DESCRIPTION OF THE TASK
Each line of the records containing "Input" is to be copied out and returned.

SUPPLIED RECORDS
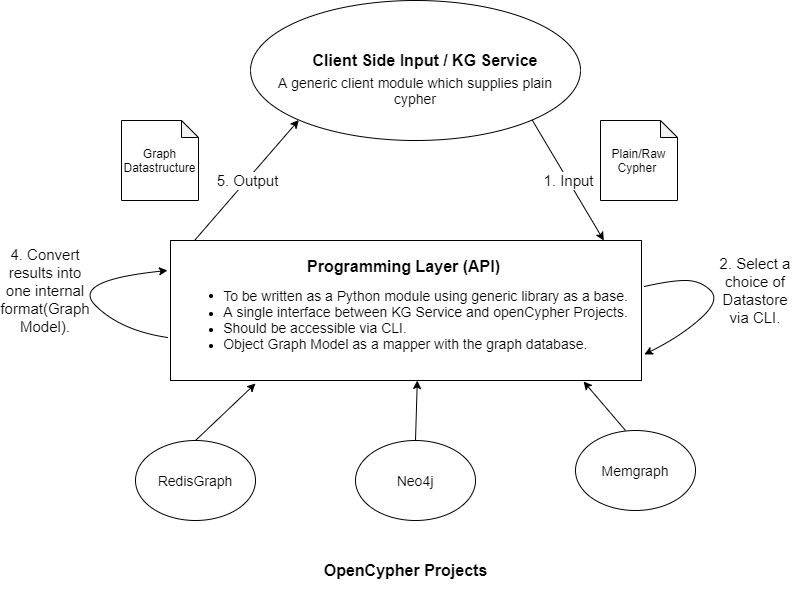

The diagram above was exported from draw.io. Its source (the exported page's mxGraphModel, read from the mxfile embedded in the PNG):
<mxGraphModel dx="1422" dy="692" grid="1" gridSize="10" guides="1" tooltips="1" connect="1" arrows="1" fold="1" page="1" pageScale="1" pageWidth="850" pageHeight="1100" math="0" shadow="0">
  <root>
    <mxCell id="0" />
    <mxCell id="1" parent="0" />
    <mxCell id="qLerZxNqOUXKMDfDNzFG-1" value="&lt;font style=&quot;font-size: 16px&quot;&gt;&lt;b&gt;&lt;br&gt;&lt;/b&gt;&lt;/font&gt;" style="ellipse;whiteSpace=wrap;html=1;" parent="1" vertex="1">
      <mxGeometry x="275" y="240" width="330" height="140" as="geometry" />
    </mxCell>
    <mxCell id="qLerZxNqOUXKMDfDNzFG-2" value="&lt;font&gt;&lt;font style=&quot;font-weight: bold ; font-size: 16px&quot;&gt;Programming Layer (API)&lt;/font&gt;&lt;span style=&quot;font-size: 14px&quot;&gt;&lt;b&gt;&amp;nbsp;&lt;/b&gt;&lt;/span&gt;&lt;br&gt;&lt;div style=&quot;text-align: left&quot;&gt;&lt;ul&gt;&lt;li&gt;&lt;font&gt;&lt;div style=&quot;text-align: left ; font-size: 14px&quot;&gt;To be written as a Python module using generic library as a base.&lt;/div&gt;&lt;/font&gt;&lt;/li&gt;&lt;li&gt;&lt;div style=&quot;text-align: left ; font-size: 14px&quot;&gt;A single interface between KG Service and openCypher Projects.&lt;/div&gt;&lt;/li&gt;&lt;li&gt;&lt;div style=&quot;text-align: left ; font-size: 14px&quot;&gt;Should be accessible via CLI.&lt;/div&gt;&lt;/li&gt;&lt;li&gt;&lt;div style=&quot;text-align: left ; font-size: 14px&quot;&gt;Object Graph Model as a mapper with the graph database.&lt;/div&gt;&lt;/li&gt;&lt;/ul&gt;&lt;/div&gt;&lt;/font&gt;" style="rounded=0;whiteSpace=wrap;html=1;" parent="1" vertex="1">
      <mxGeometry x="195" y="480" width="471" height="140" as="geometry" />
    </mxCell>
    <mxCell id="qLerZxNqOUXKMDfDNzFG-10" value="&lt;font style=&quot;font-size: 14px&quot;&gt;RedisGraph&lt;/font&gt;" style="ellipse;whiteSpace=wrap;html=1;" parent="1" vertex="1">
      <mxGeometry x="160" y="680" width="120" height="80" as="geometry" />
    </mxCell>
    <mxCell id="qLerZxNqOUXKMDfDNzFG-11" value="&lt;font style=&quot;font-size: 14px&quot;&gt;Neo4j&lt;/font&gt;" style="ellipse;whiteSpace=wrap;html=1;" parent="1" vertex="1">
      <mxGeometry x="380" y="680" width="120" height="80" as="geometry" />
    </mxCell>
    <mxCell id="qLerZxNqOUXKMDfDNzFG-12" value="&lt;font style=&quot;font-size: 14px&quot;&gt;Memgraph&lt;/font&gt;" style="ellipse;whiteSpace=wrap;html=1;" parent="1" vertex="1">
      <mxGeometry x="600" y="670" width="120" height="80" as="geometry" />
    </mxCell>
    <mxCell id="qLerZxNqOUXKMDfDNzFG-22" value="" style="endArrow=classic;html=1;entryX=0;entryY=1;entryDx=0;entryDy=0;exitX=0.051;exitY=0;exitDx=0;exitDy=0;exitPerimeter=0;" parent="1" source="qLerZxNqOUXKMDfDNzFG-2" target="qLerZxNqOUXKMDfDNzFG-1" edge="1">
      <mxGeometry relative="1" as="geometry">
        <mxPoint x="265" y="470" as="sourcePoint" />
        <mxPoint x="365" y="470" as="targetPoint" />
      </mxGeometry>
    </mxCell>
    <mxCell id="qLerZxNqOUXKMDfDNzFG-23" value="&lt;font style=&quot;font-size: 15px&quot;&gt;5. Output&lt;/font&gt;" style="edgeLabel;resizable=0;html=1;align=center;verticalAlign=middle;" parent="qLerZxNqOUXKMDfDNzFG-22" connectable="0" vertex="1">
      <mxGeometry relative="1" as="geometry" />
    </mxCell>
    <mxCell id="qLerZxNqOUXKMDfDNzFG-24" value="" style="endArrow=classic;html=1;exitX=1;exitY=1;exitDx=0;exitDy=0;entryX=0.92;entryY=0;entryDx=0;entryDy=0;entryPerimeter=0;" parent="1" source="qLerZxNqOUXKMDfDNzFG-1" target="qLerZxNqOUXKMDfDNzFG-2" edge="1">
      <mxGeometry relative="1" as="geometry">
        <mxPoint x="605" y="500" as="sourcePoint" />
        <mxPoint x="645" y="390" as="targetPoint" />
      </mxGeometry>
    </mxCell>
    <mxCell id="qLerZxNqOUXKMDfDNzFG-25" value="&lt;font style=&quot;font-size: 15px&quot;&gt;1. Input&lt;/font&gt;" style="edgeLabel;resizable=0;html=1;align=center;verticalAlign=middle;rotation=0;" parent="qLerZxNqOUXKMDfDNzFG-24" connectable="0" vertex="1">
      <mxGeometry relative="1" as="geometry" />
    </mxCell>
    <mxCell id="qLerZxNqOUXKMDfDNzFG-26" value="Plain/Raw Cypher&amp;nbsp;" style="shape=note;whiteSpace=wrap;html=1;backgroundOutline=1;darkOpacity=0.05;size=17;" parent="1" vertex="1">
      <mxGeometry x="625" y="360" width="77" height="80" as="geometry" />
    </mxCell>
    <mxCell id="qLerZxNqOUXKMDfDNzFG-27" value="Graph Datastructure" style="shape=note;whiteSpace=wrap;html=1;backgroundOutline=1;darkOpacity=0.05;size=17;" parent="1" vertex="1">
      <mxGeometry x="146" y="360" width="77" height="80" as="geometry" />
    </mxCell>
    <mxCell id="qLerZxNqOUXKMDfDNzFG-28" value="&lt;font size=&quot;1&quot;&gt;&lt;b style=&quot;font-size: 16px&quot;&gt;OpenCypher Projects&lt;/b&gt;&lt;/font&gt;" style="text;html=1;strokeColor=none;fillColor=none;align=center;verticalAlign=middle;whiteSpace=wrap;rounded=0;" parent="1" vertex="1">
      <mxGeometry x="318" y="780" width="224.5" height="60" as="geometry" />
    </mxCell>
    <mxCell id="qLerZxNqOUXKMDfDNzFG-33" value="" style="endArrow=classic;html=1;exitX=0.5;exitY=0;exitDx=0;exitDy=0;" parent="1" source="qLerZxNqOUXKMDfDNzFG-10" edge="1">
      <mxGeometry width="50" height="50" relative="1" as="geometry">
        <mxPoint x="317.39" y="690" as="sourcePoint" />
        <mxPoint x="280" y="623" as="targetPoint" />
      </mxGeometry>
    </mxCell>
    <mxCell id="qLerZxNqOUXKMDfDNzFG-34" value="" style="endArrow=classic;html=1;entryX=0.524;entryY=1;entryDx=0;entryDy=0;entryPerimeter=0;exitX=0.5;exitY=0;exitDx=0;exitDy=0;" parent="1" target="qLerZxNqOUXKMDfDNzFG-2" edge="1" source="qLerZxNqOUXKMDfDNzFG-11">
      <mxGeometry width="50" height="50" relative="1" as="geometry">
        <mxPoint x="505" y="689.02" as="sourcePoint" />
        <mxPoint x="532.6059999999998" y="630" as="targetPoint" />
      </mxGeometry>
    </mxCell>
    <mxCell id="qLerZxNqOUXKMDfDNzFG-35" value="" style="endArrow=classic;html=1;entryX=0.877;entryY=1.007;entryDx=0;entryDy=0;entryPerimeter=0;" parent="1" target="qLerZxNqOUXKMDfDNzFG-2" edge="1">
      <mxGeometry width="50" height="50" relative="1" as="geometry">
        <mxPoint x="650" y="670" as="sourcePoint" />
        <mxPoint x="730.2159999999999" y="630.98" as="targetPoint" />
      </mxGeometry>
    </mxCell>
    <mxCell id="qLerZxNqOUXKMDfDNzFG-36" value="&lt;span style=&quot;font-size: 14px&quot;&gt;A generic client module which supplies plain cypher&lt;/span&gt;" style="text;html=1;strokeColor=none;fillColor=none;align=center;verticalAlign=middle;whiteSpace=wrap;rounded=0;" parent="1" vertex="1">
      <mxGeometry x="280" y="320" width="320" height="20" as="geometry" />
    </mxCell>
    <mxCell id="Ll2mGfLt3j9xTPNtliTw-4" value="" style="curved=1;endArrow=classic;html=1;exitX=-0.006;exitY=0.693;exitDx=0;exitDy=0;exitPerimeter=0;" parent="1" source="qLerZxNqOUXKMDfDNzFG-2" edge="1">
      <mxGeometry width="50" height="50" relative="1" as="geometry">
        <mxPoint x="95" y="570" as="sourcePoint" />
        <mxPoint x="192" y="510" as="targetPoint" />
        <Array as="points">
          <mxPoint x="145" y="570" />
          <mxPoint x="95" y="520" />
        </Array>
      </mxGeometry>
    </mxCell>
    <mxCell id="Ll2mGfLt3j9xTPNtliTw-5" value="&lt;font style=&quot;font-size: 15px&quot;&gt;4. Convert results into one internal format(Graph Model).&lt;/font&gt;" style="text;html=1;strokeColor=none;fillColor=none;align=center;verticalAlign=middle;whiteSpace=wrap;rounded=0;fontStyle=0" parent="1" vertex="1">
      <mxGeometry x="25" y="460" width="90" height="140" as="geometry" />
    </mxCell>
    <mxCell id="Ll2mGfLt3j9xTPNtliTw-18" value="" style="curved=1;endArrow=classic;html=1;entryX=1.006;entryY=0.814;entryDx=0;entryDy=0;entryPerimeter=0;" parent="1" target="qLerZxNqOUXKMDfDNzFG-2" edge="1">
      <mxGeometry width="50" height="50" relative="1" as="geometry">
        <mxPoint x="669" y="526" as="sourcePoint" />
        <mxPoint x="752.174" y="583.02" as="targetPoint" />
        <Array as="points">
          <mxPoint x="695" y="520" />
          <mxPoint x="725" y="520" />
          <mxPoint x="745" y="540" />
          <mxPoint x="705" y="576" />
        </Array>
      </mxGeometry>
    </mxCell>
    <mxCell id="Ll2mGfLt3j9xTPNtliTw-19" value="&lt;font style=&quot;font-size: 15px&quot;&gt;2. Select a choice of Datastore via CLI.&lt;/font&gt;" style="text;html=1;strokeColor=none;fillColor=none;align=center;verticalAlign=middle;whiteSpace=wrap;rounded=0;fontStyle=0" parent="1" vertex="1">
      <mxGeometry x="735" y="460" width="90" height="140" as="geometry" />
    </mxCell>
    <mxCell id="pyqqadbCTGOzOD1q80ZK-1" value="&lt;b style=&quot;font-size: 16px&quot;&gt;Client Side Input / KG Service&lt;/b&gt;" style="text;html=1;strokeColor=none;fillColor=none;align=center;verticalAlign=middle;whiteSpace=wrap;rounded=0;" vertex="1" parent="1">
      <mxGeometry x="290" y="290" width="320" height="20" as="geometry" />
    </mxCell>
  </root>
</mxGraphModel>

RESULT FOR THIS TASK
    <mxCell id="qLerZxNqOUXKMDfDNzFG-25" value="&lt;font style=&quot;font-size: 15px&quot;&gt;1. Input&lt;/font&gt;" style="edgeLabel;resizable=0;html=1;align=center;verticalAlign=middle;rotation=0;" parent="qLerZxNqOUXKMDfDNzFG-24" connectable="0" vertex="1">
    <mxCell id="pyqqadbCTGOzOD1q80ZK-1" value="&lt;b style=&quot;font-size: 16px&quot;&gt;Client Side Input / KG Service&lt;/b&gt;" style="text;html=1;strokeColor=none;fillColor=none;align=center;verticalAlign=middle;whiteSpace=wrap;rounded=0;" vertex="1" parent="1">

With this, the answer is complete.